Effect of some metal salts on L-serine dehydratase synthesis and growth of F. moniliforme: Table 4 shows that FeSO4 stimulated fungal growth and L-serine dehydratase formation by about 82 and 134%, respectively. CaCl2, CoCl2, CuSO4 and MnCl2 resulted a decrease in mycelial dry weight by about 53.2, 53.2 , 58.7 and 51.6%, respectively, while L-serine dehydratase formation was stimulated by CaCl2, CoCl2, CuSO4 and MnCl2 about 48, 155, 122 and 165%, respectively. This result agreed with that reported by El-Awamry et al.[32] who demonstrated that L-serine dehydratase of C. elegans and F. oxysporum was induced by metal salts and FeSO4 was the best inducer.

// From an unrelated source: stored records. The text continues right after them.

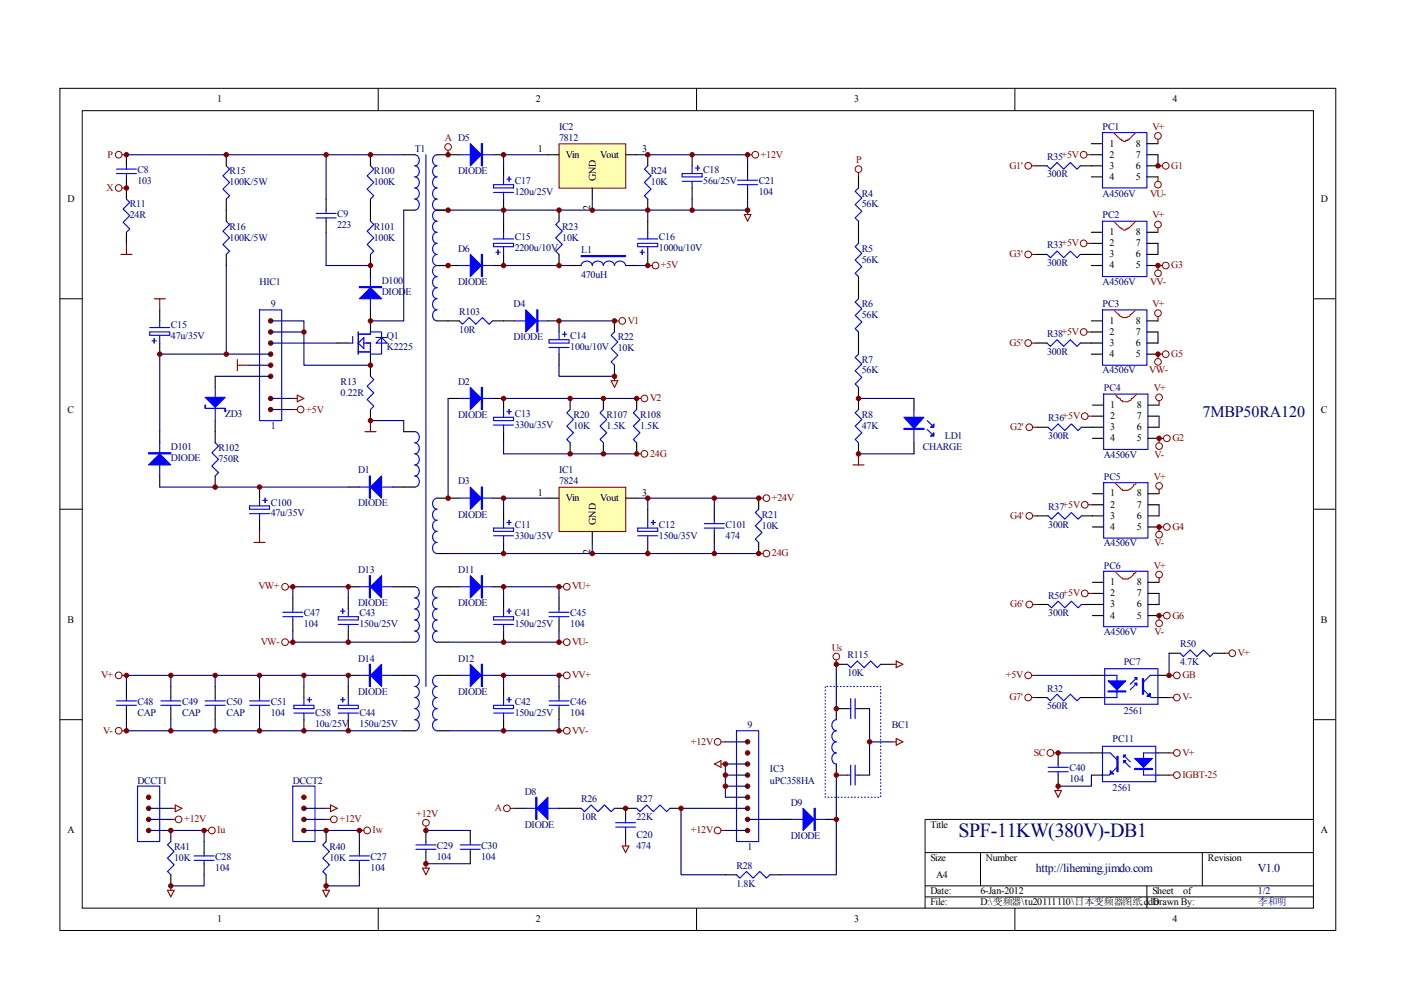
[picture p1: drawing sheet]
<svg xmlns="http://www.w3.org/2000/svg" width="297mm" height="210mm" viewBox="0 0 297 210" stroke-linecap="round" stroke-linejoin="round" font-family="sans-serif">
<g fill="none" stroke="#000" stroke-width=".21">
<path d="M12.7 18.7h270.5v178.6h-270.5zM80.2 18.7v4.7M147.7 18.7v4.7M215.2 18.7v4.7M17.4 23.5h261.1v169h-261.1zM12.7 63.3h4.7M278.4 63.3h4.7M12.7 108h4.7M278.4 108h4.7M12.7 152.6h4.7M278.4 152.6h4.7M278.4 173.7h-82.3v18.8"/>
<path d="M80.2 192.5v4.7M147.7 192.5v4.7M196.1 180.8h82.3M196.1 187.8h82.3M196.1 190.2h82.3M207.9 180.8v7M215.2 192.5v4.7M243.2 187.8v4.7M254.9 180.8v7"/>
</g>
<g fill="none" stroke="#000" stroke-width=".23">
<path d="M26.8 32.8v2.4M26.8 37.5v4.7M48 32.8v2.4M78.5 32.8v2.4M85.6 32.8h2.4M92.7 32.8h4.7M104.4 32.8h2.4M106.8 35.2v2.3M146.7 32.8v2.4M146.7 39.9v2.3M182 37.5v2.4M219.6 35.2h2.4"/>
<path d="M229 35.2h4.8M231.4 32.8h2.4M231.4 30.5h2.4M231.4 37.5h2.4M243.2 32.8h2.3M243.2 30.5h2.3M243.2 35.2h2.3M243.2 37.5h2.3M26.8 49.3v2.3M48 42.2v4.7M48 53.9v2.4M69.1 42.2v2.4"/>
<path d="M69.1 46.9v2.4M78.5 42.2v4.7M78.5 53.9v4.7M85.6 44.6h2.4M92.7 44.6h2.3M92.7 56.3h4.7M106.8 53.9v2.4h-2.4M106.8 42.2v2.4M106.8 46.9v2.4M137.3 46.9v2.4M137.3 53.9v2.4M182 46.9v4.7"/>
<path d="M182 58.6v4.7M219.6 53.9h2.4M229 53.9h4.8M231.4 49.3h2.4M231.4 51.6h2.4M231.4 56.3h2.4M243.2 49.3h2.3M243.2 51.6h2.3M243.2 53.9h2.3M243.2 56.3h2.3M33.9 65.7v2.3M33.9 72.7v2.4"/>
<path d="M45.6 79.8v2.3M71.5 72.7h2.3M78.5 65.7v4.7M78.5 75.1v4.7M92.7 68h2.3M106.8 68h2.3M116.2 68h2.3M182 70.4v4.7M219.6 72.7h2.4M229 72.7h4.8M231.4 68h2.4M231.4 70.4h2.4"/>
<path d="M231.4 75.1h2.4M243.2 72.7h2.3M243.2 68h2.3M243.2 70.4h2.3M243.2 75.1h2.3M33.9 91.5v2.4M45.6 89.2v4.7M78.5 86.8v2.4M85.6 91.5h2.4M182 82.1v4.7M182 93.9v2.3M193.8 84.5v2.3"/>
<path d="M193.8 93.9v2.3M219.9 90.6h2.3M229.3 90.6h4.7M231.6 85.9h2.4M231.6 88.2h2.4M231.6 92.9h2.4M243.4 85.9h2.3M243.4 88.2h2.3M243.4 90.6h2.3M243.4 92.9h2.3M33.9 100.9v2.4M45.6 100.9v2.4"/>
<path d="M55 103.3v2.3M55 110.3v2.4M73.8 103.3h2.4M83.2 103.3h4.8M92.7 117.4h2.3M92.7 105.6h2.3M219.9 109.4h2.3M229.3 109.4h4.7M231.6 104.7h2.4M231.6 107h2.4M231.6 111.7h2.4M243.4 104.7h2.3"/>
<path d="M243.4 107h2.3M243.4 109.4h2.3M243.4 111.7h2.3M219.9 128.2h2.3M229.3 128.2h4.7M231.6 123.5h2.4M231.6 125.8h2.4M231.6 130.5h2.4M243.4 123.5h2.3M243.4 125.8h2.3M243.4 128.2h2.3M243.4 130.5h2.3"/>
<path d="M177.3 140.9h2.4M186.7 140.9h2.4M36.2 176.1v2.3M69.1 176.1v2.3M109.1 171.4h2.4M118.5 171.4h4.7M130.3 171.4h4.7M132.6 171.4v2.3M132.6 176.1v2.3M142 171.4h2.4M165.6 173.7h2.3M175 173.7h2.3"/>
<path d="M36.2 185.5v2.3M69.1 185.5v2.3M153.8 185.5h2.4M163.2 185.5h2.4"/>
</g>
<g fill="none" stroke="#00f" stroke-width=".23">
<path d="M24.7 35.9h4.2M24.7 36.8h4.2M26.8 35.2v.7M26.8 36.8v.7M48 35.2l.7 .7-1.4 1.4 1.4 1.4-1.4 1.4 1.4 1.4-.7 .7M78.5 35.2l.8 .7-1.5 1.4 1.5 1.4-1.5 1.4 1.5 1.4-.8 .7M88 32.8a1.2 1.2 0 0 1 .9 1.2 1.2 1.2 0 0 1-.9 1.2 1.2 1.2 0 0 1 .9 1.1 1.2 1.2 0 0 1-.9 1.2 1.2 1.2 0 0 1 .9 1.2 1.2 1.2 0 0 1-.9 1.2 1.2 1.2 0 0 1 .9 1.1 1.2 1.2 0 0 1-.9 1.2 1.2 1.2 0 0 1 .9 1.2 1.2 1.2 0 0 1-.9 1.2M90.3 32.8v112.7M92.7 32.8a1.2 1.2 0 0 0-1 1.2 1.2 1.2 0 0 0 1 1.2 1.2 1.2 0 0 0-1 1.1 1.2 1.2 0 0 0 1 1.2 1.2 1.2 0 0 0-1 1.2 1.2 1.2 0 0 0 1 1.2 1.2 1.2 0 0 0-1 1.1 1.2 1.2 0 0 0 1 1.2 1.2 1.2 0 0 0-1 1.2 1.2 1.2 0 0 0 1 1.2 1.2 1.2 0 0 0-1 1.1 1.2 1.2 0 0 0 1 1.2 1.21 1.21 0 0 0-1 1.2 1.21 1.21 0 0 0 1 1.2 1.2 1.2 0 0 0-1 1.1 1.2 1.2 0 0 0 1 1.2 1.2 1.2 0 0 0-1 1.2 1.2 1.2 0 0 0 1 1.1 1.2 1.2 0 0 0-1 1.2 1.2 1.2 0 0 0 1 1.2 1.2 1.2 0 0 0-1 1.2 1.2 1.2 0 0 0 1 1.1 1.2 1.2 0 0 0-1 1.2 1.2 1.2 0 0 0 1 1.2 1.2 1.2 0 0 0-1 1.2 1.2 1.2 0 0 0 1 1.1 1.2 1.2 0 0 0-1 1.2 1.2 1.2 0 0 0 1 1.2M97.4 32.8h7M104.6 39.2h4.3v.7h-4.3zM106.8 37.5v1.7"/>
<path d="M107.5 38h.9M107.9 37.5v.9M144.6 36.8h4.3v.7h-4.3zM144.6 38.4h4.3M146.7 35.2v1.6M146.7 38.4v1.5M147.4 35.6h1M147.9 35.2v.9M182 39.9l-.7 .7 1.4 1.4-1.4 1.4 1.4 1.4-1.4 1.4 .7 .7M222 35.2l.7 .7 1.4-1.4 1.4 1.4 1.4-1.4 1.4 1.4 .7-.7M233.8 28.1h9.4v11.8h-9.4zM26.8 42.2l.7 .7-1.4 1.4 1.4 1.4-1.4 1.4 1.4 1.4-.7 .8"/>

Growth and synthesis of L-serine dehydratase as a function of L-serine concentration in the culture medium of F. moniliforme: L-Serine was added to the basal medium as the sole source of nitrogen in concentrations ranging from 0.6 to 4.8 g L–1. In Table 5 the optimum concentration of L-serine for growth was 2.4 g L–1. The mount of nitrogen in this concentration is equivalent to its amount in 2 g sodium nitrate. The specific activity of L-serine dehydratase was increased with increasing L-serine concentration in the medium. Optimum concentration of L-serine for enzyme synthesis was 2.4 g L–1. This result agreed with that reported for L-serine dehydratase of C. elegans and F. oxysporum[32].